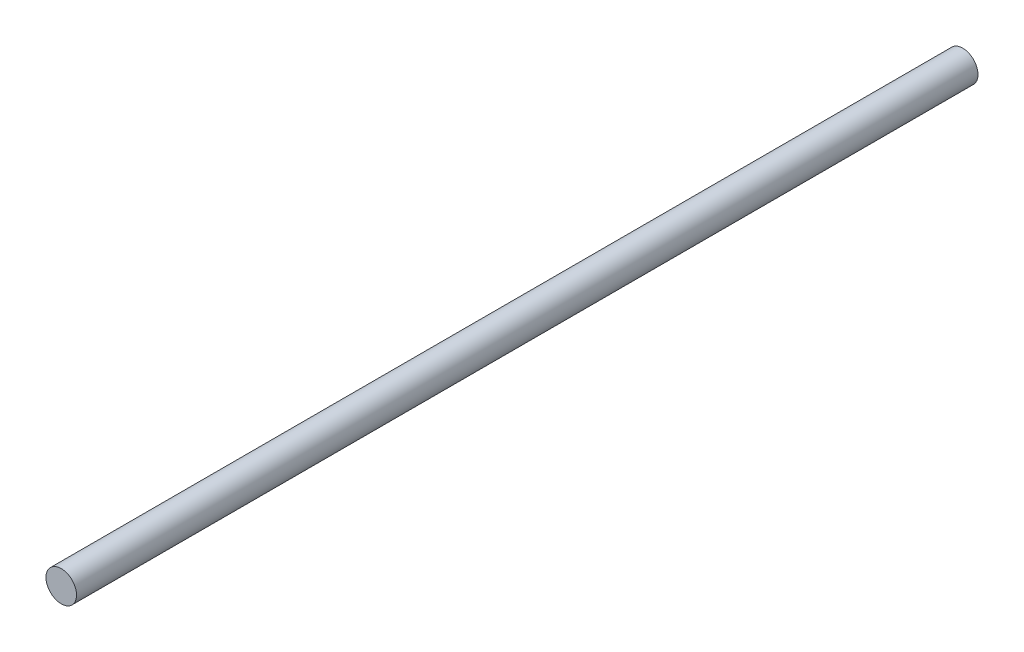
ISO-10303-21;
HEADER;
FILE_DESCRIPTION(('STEP AP214'),'2;1');
FILE_NAME('part.step','',(''),(''),'','','');
FILE_SCHEMA(('AUTOMOTIVE_DESIGN { 1 0 10303 214 1 1 1 1 }'));
ENDSEC;
DATA;
#1=APPLICATION_CONTEXT('core data for automotive mechanical design processes');
#2=APPLICATION_PROTOCOL_DEFINITION('international standard','automotive_design',2000,#1);
#3=PRODUCT_CONTEXT('',#1,'mechanical');
#4=PRODUCT('Part','Part','',(#3));
#5=PRODUCT_RELATED_PRODUCT_CATEGORY('part','',(#4));
#6=PRODUCT_DEFINITION_FORMATION('','',#4);
#7=PRODUCT_DEFINITION_CONTEXT('part definition',#1,'design');
#8=PRODUCT_DEFINITION('design','',#6,#7);
#9=PRODUCT_DEFINITION_SHAPE('','',#8);
#10=(LENGTH_UNIT() NAMED_UNIT(*) SI_UNIT(.MILLI.,.METRE.));
#11=(NAMED_UNIT(*) PLANE_ANGLE_UNIT() SI_UNIT($,.RADIAN.));
#12=(NAMED_UNIT(*) SI_UNIT($,.STERADIAN.) SOLID_ANGLE_UNIT());
#13=UNCERTAINTY_MEASURE_WITH_UNIT(LENGTH_MEASURE(1.E-05),#10,'distance_accuracy_value','');
#14=(GEOMETRIC_REPRESENTATION_CONTEXT(3) GLOBAL_UNCERTAINTY_ASSIGNED_CONTEXT((#13)) GLOBAL_UNIT_ASSIGNED_CONTEXT((#10,
#11,#12)) REPRESENTATION_CONTEXT('',''));
#15=CARTESIAN_POINT('',(0.,0.,0.));
#16=DIRECTION('',(0.,0.,1.));
#17=DIRECTION('',(1.,0.,0.));
#18=AXIS2_PLACEMENT_3D('',#15,#16,#17);
#19=CARTESIAN_POINT('',(0.,0.,354.));
#20=DIRECTION('',(0.,0.,-1.));
#21=DIRECTION('',(-1.,0.,0.));
#22=AXIS2_PLACEMENT_3D('',#19,#20,#21);
#23=CYLINDRICAL_SURFACE('',#22,6.);
#24=CARTESIAN_POINT('',(0.,0.,354.));
#25=DIRECTION('',(0.,0.,1.));
#26=DIRECTION('',(1.,0.,0.));
#27=AXIS2_PLACEMENT_3D('',#24,#25,#26);
#28=CIRCLE('',#27,6.);
#29=CARTESIAN_POINT('',(6.,0.,354.));
#30=VERTEX_POINT('',#29);
#31=EDGE_CURVE('E10',#30,#30,#28,.T.);
#32=ORIENTED_EDGE('',*,*,#31,.F.);
#33=EDGE_LOOP('',(#32));
#34=FACE_BOUND('',#33,.T.);
#35=CARTESIAN_POINT('',(0.,0.,0.));
#36=DIRECTION('',(0.,0.,1.));
#37=DIRECTION('',(1.,0.,0.));
#38=AXIS2_PLACEMENT_3D('',#35,#36,#37);
#39=CIRCLE('',#38,6.);
#40=CARTESIAN_POINT('',(6.,0.,0.));
#41=VERTEX_POINT('',#40);
#42=EDGE_CURVE('E36',#41,#41,#39,.T.);
#43=ORIENTED_EDGE('',*,*,#42,.T.);
#44=EDGE_LOOP('',(#43));
#45=FACE_BOUND('',#44,.T.);
#46=ADVANCED_FACE('F33',(#34,#45),#23,.T.);
#47=CARTESIAN_POINT('',(0.,0.,354.));
#48=DIRECTION('',(0.,0.,1.));
#49=DIRECTION('',(1.,0.,0.));
#50=AXIS2_PLACEMENT_3D('',#47,#48,#49);
#51=PLANE('',#50);
#52=ORIENTED_EDGE('',*,*,#31,.T.);
#53=EDGE_LOOP('',(#52));
#54=FACE_BOUND('',#53,.T.);
#55=ADVANCED_FACE('F48',(#54),#51,.T.);
#56=CARTESIAN_POINT('',(0.,0.,0.));
#57=DIRECTION('',(0.,0.,1.));
#58=DIRECTION('',(1.,0.,0.));
#59=AXIS2_PLACEMENT_3D('',#56,#57,#58);
#60=PLANE('',#59);
#61=ORIENTED_EDGE('',*,*,#42,.F.);
#62=EDGE_LOOP('',(#61));
#63=FACE_BOUND('',#62,.T.);
#64=ADVANCED_FACE('F46',(#63),#60,.F.);
#65=CLOSED_SHELL('',(#46,#55,#64));
#66=MANIFOLD_SOLID_BREP('B2',#65);
#67=ADVANCED_BREP_SHAPE_REPRESENTATION('',(#18,#66),#14);
#68=SHAPE_DEFINITION_REPRESENTATION(#9,#67);
ENDSEC;
END-ISO-10303-21;

§ **WHAT THE TASK ASKS**: Each line of the material is to be output exactly. Images are not part of the expected output.

§ **ANSWER TO THIS TASK**:
ISO-10303-21;
HEADER;
FILE_DESCRIPTION(('STEP AP214'),'2;1');
FILE_NAME('part.step','',(''),(''),'','','');
FILE_SCHEMA(('AUTOMOTIVE_DESIGN { 1 0 10303 214 1 1 1 1 }'));
ENDSEC;
DATA;
#1=APPLICATION_CONTEXT('core data for automotive mechanical design processes');
#2=APPLICATION_PROTOCOL_DEFINITION('international standard','automotive_design',2000,#1);
#3=PRODUCT_CONTEXT('',#1,'mechanical');
#4=PRODUCT('Part','Part','',(#3));
#5=PRODUCT_RELATED_PRODUCT_CATEGORY('part','',(#4));
#6=PRODUCT_DEFINITION_FORMATION('','',#4);
#7=PRODUCT_DEFINITION_CONTEXT('part definition',#1,'design');
#8=PRODUCT_DEFINITION('design','',#6,#7);
#9=PRODUCT_DEFINITION_SHAPE('','',#8);
#10=(LENGTH_UNIT() NAMED_UNIT(*) SI_UNIT(.MILLI.,.METRE.));
#11=(NAMED_UNIT(*) PLANE_ANGLE_UNIT() SI_UNIT($,.RADIAN.));
#12=(NAMED_UNIT(*) SI_UNIT($,.STERADIAN.) SOLID_ANGLE_UNIT());
#13=UNCERTAINTY_MEASURE_WITH_UNIT(LENGTH_MEASURE(1.E-05),#10,'distance_accuracy_value','');
#14=(GEOMETRIC_REPRESENTATION_CONTEXT(3) GLOBAL_UNCERTAINTY_ASSIGNED_CONTEXT((#13)) GLOBAL_UNIT_ASSIGNED_CONTEXT((#10,
#11,#12)) REPRESENTATION_CONTEXT('',''));
#15=CARTESIAN_POINT('',(0.,0.,0.));
#16=DIRECTION('',(0.,0.,1.));
#17=DIRECTION('',(1.,0.,0.));
#18=AXIS2_PLACEMENT_3D('',#15,#16,#17);
#19=CARTESIAN_POINT('',(0.,0.,354.));
#20=DIRECTION('',(0.,0.,-1.));
#21=DIRECTION('',(-1.,0.,0.));
#22=AXIS2_PLACEMENT_3D('',#19,#20,#21);
#23=CYLINDRICAL_SURFACE('',#22,6.);
#24=CARTESIAN_POINT('',(0.,0.,354.));
#25=DIRECTION('',(0.,0.,1.));
#26=DIRECTION('',(1.,0.,0.));
#27=AXIS2_PLACEMENT_3D('',#24,#25,#26);
#28=CIRCLE('',#27,6.);
#29=CARTESIAN_POINT('',(6.,0.,354.));
#30=VERTEX_POINT('',#29);
#31=EDGE_CURVE('E10',#30,#30,#28,.T.);
#32=ORIENTED_EDGE('',*,*,#31,.F.);
#33=EDGE_LOOP('',(#32));
#34=FACE_BOUND('',#33,.T.);
#35=CARTESIAN_POINT('',(0.,0.,0.));
#36=DIRECTION('',(0.,0.,1.));
#37=DIRECTION('',(1.,0.,0.));
#38=AXIS2_PLACEMENT_3D('',#35,#36,#37);
#39=CIRCLE('',#38,6.);
#40=CARTESIAN_POINT('',(6.,0.,0.));
#41=VERTEX_POINT('',#40);
#42=EDGE_CURVE('E36',#41,#41,#39,.T.);
#43=ORIENTED_EDGE('',*,*,#42,.T.);
#44=EDGE_LOOP('',(#43));
#45=FACE_BOUND('',#44,.T.);
#46=ADVANCED_FACE('F33',(#34,#45),#23,.T.);
#47=CARTESIAN_POINT('',(0.,0.,354.));
#48=DIRECTION('',(0.,0.,1.));
#49=DIRECTION('',(1.,0.,0.));
#50=AXIS2_PLACEMENT_3D('',#47,#48,#49);
#51=PLANE('',#50);
#52=ORIENTED_EDGE('',*,*,#31,.T.);
#53=EDGE_LOOP('',(#52));
#54=FACE_BOUND('',#53,.T.);
#55=ADVANCED_FACE('F48',(#54),#51,.T.);
#56=CARTESIAN_POINT('',(0.,0.,0.));
#57=DIRECTION('',(0.,0.,1.));
#58=DIRECTION('',(1.,0.,0.));
#59=AXIS2_PLACEMENT_3D('',#56,#57,#58);
#60=PLANE('',#59);
#61=ORIENTED_EDGE('',*,*,#42,.F.);
#62=EDGE_LOOP('',(#61));
#63=FACE_BOUND('',#62,.T.);
#64=ADVANCED_FACE('F46',(#63),#60,.F.);
#65=CLOSED_SHELL('',(#46,#55,#64));
#66=MANIFOLD_SOLID_BREP('B2',#65);
#67=ADVANCED_BREP_SHAPE_REPRESENTATION('',(#18,#66),#14);
#68=SHAPE_DEFINITION_REPRESENTATION(#9,#67);
ENDSEC;
END-ISO-10303-21;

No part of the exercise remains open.